“It isn’t often that we praise Eric Holder , but the Attorney General deserves it for reining in the increasingly abusive practice of “civil forfeiture,” which is the polite term for policing for profit…

…According to the Institute for Justice, which tracks and litigates civil-forfeiture cases, 80% of people whose property is seized by the feds are never charged with a crime. The funds gathered by state and local law enforcement often exceed annual operating budgets, creating incentives for police to take property first, answer questions later.”, “Eric Holder’s Good Deed”, Wall Street Journal

Review & Outlook

Eric Holder’s Good Deed

The AG suspends an especially bad form of policing for profit.

U.S. Attorney General Eric Holder.

U.S. Attorney General Eric Holder. Agence France-Presse/Getty Images

It isn’t often that we praise Eric Holder , but the Attorney General deserves it for reining in the increasingly abusive practice of “civil forfeiture,” which is the polite term for policing for profit.
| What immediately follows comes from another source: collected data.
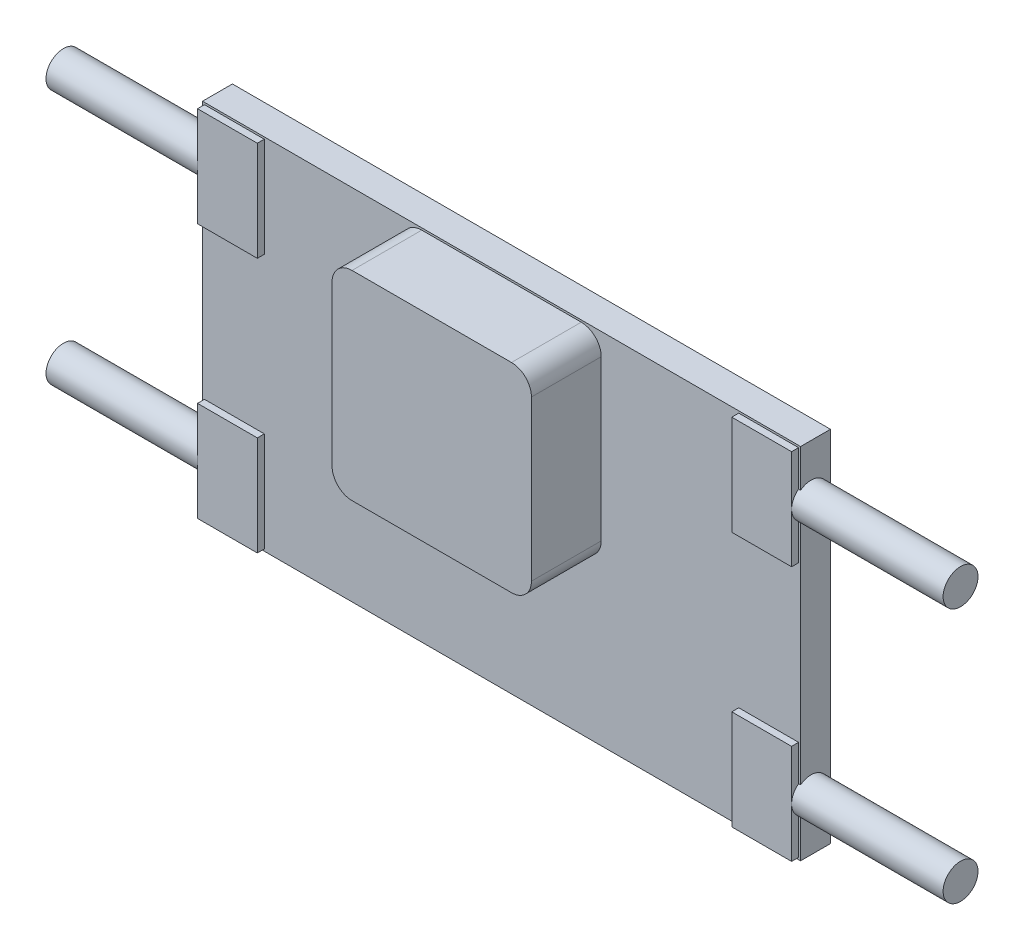
from build123d import *

# Parameters (mm, degrees)
SKETCH1_W                       = 30
SKETCH1_H                       = 18
BOSS_EXTRUDE1_DEPTH             = 1.5
BOSS_EXTRUDE2_DEPTH             = 3.5
SKETCH3_W                       = 3
SKETCH3_H                       = 5
BOSS_EXTRUDE3_DEPTH             = 0.35
SKETCH4_R                       = 0.875
BOSS_EXTRUDE4_DEPTH             = 7.5
BOSS_EXTRUDE4_DIRECTION_2_REACH = 33.718


with BuildPart() as part:
    # Sketch1 → Boss-Extrude1 (new body)
    with BuildSketch(Plane.XY):
        Rectangle(SKETCH1_W, SKETCH1_H)
    extrude(amount=BOSS_EXTRUDE1_DEPTH)

    # Sketch2 → Boss-Extrude2 (add)
    with BuildSketch(Plane.XY.offset(1.5)):
        with BuildLine():
            Line((-4, -1.1), (4, -1.1))
            ThreePointArc((4, -1.1), (4.707106781, -0.807106781), (5, -0.1))
            Line((5, -0.1), (5, 7.9))
            ThreePointArc((5, 7.9), (4.707106781, 8.607106781), (4, 8.9))
            Line((4, 8.9), (-4, 8.9))
            ThreePointArc((-4, 8.9), (-4.707106781, 8.607106781), (-5, 7.9))
            Line((-5, 7.9), (-5, -0.1))
            ThreePointArc((-5, -0.1), (-4.707106781, -0.807106781), (-4, -1.1))
        make_face()
    extrude(amount=BOSS_EXTRUDE2_DEPTH)

    # Sketch3 → Boss-Extrude3 (add)
    with BuildSketch(Plane.XY.offset(1.5)):
        with Locations((-13.4, 6.4)):
            Rectangle(SKETCH3_W, SKETCH3_H)
        with Locations((-13.4, -6.4)):
            Rectangle(SKETCH3_W, SKETCH3_H)
    boss_extrude3 = extrude(amount=BOSS_EXTRUDE3_DEPTH)

    # Sketch4 → Boss-Extrude4 (add)
    with BuildSketch(Plane.ZY.offset(15)):
        with Locations((0.975, 6.4)):
            Circle(SKETCH4_R)
        with Locations((0.975, -6.4)):
            Circle(SKETCH4_R)
    boss_extrude4 = extrude(amount=BOSS_EXTRUDE4_DEPTH)

    # Boss-Extrude4 direction 2: up to this face of the body (flat: up to its plane)
    boss_extrude4_direction_2_end = Plane(part.part.faces().sort_by_distance((-14.9, -6.4, 1.675))[0])
    # Sketch4 → Boss-Extrude4 direction 2 (add, up to the picked face)
    with BuildSketch(Plane.ZY.offset(15), mode=Mode.PRIVATE) as boss_extrude4_direction_2_sk1:
        with Locations((0.975, 6.4)):
            Circle(SKETCH4_R)
    boss_extrude4_direction_2_tool1 = split(extrude(boss_extrude4_direction_2_sk1.sketch, amount=-BOSS_EXTRUDE4_DIRECTION_2_REACH, mode=Mode.PRIVATE), bisect_by=boss_extrude4_direction_2_end, keep=Keep.BOTH, mode=Mode.PRIVATE)
    # Sketch4 → Boss-Extrude4 direction 2 (add, up to the picked face)
    with BuildSketch(Plane.ZY.offset(15), mode=Mode.PRIVATE) as boss_extrude4_direction_2_sk2:
        with Locations((0.975, -6.4)):
            Circle(SKETCH4_R)
    boss_extrude4_direction_2_tool2 = split(extrude(boss_extrude4_direction_2_sk2.sketch, amount=-BOSS_EXTRUDE4_DIRECTION_2_REACH, mode=Mode.PRIVATE), bisect_by=boss_extrude4_direction_2_end, keep=Keep.BOTH, mode=Mode.PRIVATE)
    boss_extrude4_direction_2_1 = boss_extrude4_direction_2_tool1.solids().sort_by(Axis((-15, 6.4, 0.975), (1, 0, 0)))[0]
    add(boss_extrude4_direction_2_1)
    boss_extrude4_direction_2_2 = boss_extrude4_direction_2_tool2.solids().sort_by(Axis((-15, -6.4, 0.975), (1, 0, 0)))[0]
    add(boss_extrude4_direction_2_2)
    boss_extrude4_direction_2 = boss_extrude4_direction_2_1 + boss_extrude4_direction_2_2  # Boss-Extrude4 direction 2 as one shape, for the pattern or mirror that repeats it

    # Mirror2: Boss-Extrude3, Boss-Extrude4, Boss-Extrude4 direction 2 across plane
    add(boss_extrude3.mirror(Plane(origin=(0, 0, 0), x_dir=(0, 0, 1), z_dir=(1, 0, 0))))
    add(boss_extrude4.mirror(Plane(origin=(0, 0, 0), x_dir=(0, 0, 1), z_dir=(1, 0, 0))))
    add(boss_extrude4_direction_2.mirror(Plane(origin=(0, 0, 0), x_dir=(0, 0, 1), z_dir=(1, 0, 0))))


solid = part.part

The Justice Department announced on Friday that it is suspending a program known as “adoption,” whereby state and local officials seize property and then hand off the process and a share of the loot to the Justice Department. The federal government would keep 20% of the value of the seizure and send 80% back to the states, where it financed the police departments and prosecutors who seized the property in the first place.

The scheme became popular because it let state and local prosecutors evade state laws, which often require that the proceeds from civil forfeiture be kicked into a state’s general fund. The practice has brought in an astonishing $3 billion since 2008, covering about 55,000 seizures. Many of the targets are small businesses caught unfairly in some prosecution maw without the legal means to fight back.

According to the Institute for Justice, which tracks and litigates civil-forfeiture cases, 80% of people whose property is seized by the feds are never charged with a crime. The funds gathered by state and local law enforcement often exceed annual operating budgets, creating incentives for police to take property first, answer questions later.

Mr. Holder said the suspension is part of a comprehensive review of civil asset-forfeiture practices, and Friday’s order doesn’t erase the problem by any stretch. The order explicitly allows forfeiture programs that occur in the context of federal-state joint task forces—such as when the Drug Enforcement Administration works with local cops—and makes no changes in forfeiture programs operated under state laws.

Mr. Holder’s order is also merely a suspension, so some future Attorney General could presumably reinstate it. President Obama ’s nominee to succeed Mr. Holder, Loretta Lynch, has been a big civil-forfeiture practitioner. Someone in the Senate should ask her if she’ll return Justice to bad practices as AG.

A long-term solution rests with Congress, which ought to address abuses nationwide. Senate Judiciary Chairman Chuck Grassley, Senator Mike Lee, and House Judiciary liberal John Conyers and conservative Jim Sensenbrenner have encouraged Justice to act, and we hope they can find a way to put a more thoroughgoing reform on Mr. Obama’s desk in the current Congress.

It’s true that Mr. Holder is responding to bipartisan pressure, and his partisan history suggests he wouldn’t have acted if liberals and Democrats weren’t joining small-government conservatives in pushing reforms. But whatever his political motive, this may be the best legacy he’ll leave at Justice.